Directly below the hammock, was an old oak desk with a beautiful, antique, green leather embossed surface, across which, lay, face up, another body - pale, thin, semi-naked, unshaven and completely rigid. Partly-eaten slices of microwaved pizza were stuck to his bare chest, and the whole ensemble was finished off with Y-fronts that were too large and a pair of threadbare tartan slippers. If this body had not passed through death’s door, it had certainly been fumbling with the keys trying to find the keyhole.
Two things were immediately obvious. The body - which, on more formal occasions, was known as James Redfern Chartwell - had been poorly. And it had rolled over in the night. The clues were obvious - a multi-coloured selection of plastic-coated, paper clips attached to its face by a thin, encrusted layer of something nasty.
The hammock was obviously not designed to be peed into, and, after about twenty minutes, the cotton-polyester blend was breached. Steady drips of urine, no doubt with a similar composition to an illegal discharge from a secret Albanian nuclear facility, began to fall.
They fell through an atmosphere polluted by the unsavoury odour of regurgitated lamb vindaloo, stale alcohol and uncontrolled gaseous emissions, and began anointing the head of the body on the desk.
Neither of them stirred.
At least, not for another three hours.
It was around midday when, in a voice that came from the bottom of a deep well, Mick turned in his hammock and called out, ‘‘Ere Jim.’
There was no reply, but Mick was undeterred. There was important information to impart.
‘‘Ere Jim,’ he repeated. And, with as much dignity as he could muster, announced, ‘my scrotum smells of kippers.’
What was left of Jim’s intellect must have been stirred, because he responded. His voice sounded as though it came from a mouth stuffed with wet cardboard.

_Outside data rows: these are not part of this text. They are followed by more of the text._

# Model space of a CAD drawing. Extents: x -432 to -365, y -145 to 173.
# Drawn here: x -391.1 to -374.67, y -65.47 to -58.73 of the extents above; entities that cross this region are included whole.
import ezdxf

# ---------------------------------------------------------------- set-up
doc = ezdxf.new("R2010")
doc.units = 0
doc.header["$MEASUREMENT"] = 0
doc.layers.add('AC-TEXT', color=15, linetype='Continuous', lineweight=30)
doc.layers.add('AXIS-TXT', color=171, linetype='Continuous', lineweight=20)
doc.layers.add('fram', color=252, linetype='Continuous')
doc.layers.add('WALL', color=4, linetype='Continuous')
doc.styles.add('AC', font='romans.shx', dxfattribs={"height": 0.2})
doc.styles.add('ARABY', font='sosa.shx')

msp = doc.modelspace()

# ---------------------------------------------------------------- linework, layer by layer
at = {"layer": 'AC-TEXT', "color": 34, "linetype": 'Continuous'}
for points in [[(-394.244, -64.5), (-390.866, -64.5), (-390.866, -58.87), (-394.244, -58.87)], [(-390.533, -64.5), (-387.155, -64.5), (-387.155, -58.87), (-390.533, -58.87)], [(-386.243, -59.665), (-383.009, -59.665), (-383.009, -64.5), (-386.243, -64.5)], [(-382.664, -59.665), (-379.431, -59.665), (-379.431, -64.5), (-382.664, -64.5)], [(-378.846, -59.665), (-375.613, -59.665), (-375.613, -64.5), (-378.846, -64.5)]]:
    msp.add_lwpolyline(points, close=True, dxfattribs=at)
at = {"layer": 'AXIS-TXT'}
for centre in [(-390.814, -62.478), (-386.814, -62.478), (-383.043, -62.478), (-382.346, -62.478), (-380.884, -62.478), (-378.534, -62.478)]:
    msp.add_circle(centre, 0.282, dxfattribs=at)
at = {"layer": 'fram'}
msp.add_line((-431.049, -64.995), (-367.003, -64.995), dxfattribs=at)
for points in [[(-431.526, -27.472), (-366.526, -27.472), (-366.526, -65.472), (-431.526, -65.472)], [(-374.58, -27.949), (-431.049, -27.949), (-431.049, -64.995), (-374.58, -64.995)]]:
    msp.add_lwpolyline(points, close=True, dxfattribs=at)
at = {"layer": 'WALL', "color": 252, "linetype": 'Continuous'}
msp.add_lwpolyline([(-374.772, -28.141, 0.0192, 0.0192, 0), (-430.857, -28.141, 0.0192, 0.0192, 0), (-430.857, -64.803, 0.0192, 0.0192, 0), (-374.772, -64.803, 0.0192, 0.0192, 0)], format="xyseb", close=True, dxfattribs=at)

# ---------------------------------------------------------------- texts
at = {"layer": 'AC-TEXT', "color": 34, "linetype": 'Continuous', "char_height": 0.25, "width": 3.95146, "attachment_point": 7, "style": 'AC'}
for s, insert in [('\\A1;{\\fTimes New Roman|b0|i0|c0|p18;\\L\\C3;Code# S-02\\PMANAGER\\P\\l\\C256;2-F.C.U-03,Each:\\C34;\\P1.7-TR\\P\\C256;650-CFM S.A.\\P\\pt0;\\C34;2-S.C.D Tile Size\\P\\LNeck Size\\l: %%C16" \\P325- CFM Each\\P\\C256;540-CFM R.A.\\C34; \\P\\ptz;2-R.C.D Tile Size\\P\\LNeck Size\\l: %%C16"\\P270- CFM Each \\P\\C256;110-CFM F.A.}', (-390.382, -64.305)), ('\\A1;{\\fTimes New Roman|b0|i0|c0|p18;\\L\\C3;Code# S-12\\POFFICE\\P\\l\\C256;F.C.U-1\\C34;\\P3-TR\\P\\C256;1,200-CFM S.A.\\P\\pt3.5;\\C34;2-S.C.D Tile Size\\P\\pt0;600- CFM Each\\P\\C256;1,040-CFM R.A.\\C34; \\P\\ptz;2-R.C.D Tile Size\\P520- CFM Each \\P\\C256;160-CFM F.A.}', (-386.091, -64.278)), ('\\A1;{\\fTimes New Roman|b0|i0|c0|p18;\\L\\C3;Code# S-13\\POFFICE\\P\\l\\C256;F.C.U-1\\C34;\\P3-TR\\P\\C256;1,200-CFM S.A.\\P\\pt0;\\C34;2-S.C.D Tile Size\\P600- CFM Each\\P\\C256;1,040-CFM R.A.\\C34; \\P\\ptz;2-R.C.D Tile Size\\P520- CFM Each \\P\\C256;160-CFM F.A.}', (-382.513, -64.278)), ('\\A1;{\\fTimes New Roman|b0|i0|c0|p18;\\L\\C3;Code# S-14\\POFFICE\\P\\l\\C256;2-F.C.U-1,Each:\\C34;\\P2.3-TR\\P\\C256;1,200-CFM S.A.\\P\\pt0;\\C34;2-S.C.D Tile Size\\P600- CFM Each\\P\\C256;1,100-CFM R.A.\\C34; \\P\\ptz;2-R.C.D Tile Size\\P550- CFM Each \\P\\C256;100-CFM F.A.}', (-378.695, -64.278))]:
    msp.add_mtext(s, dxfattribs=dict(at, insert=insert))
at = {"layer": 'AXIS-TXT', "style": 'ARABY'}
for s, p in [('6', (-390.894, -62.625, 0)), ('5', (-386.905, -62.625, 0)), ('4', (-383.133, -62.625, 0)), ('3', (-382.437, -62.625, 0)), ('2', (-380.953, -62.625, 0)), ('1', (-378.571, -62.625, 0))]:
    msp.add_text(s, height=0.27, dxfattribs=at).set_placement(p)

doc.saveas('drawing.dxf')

‘Is that Manx kippers or Scottish kippers? When you’re talking personal hygiene, Michael, it’s important to be precise.’
Encouraged by this response, Mick rolled to the edge of the hammock, misjudged his centre of gravity and fell heavily onto his associate below.
Jim gave a short, strangled scream and together they tipped off the desk onto the linoleum in a melange of fill-your-own sherry bottles, tinfoil curry containers, paperclips, underpants, plastic spoons, cold chips in newspaper and the copious contents of Mick’s bladder.
After a few minutes, Mick raised himself up on his elbow.
’James, my old geranium, I want you to savour this moment. Savour it!
Mick shook Jim, but there was no response, not that the lack of an audience ever blunted his oratorical skills. Despite his slurred voice and vaguely waving arm, Mick managed to deliver a message of encouragement to his comatose colleague.
‘Gentlemen in England now-a-bed strut and fret their hour upon the stage. But we, we happy few, we band of brothers know that nothing - and I really do mean, y’know, like fuck all - will stop us getting a Bring-Your-Own bottle and a half of that life, liberty and pursuit of bollocks stuff.’
Message delivered, Mick gave a huge belch and passed out.
The two of them curled up together and slept peacefully until early evening.
All film and video companies have their ups and downs. And you could be forgiven for thinking that, for the two directors of Implosion Productions, this was, absolutely, the lowest point of their professional careers.
But you would be wrong.
Things were about to get worse. A lot worse…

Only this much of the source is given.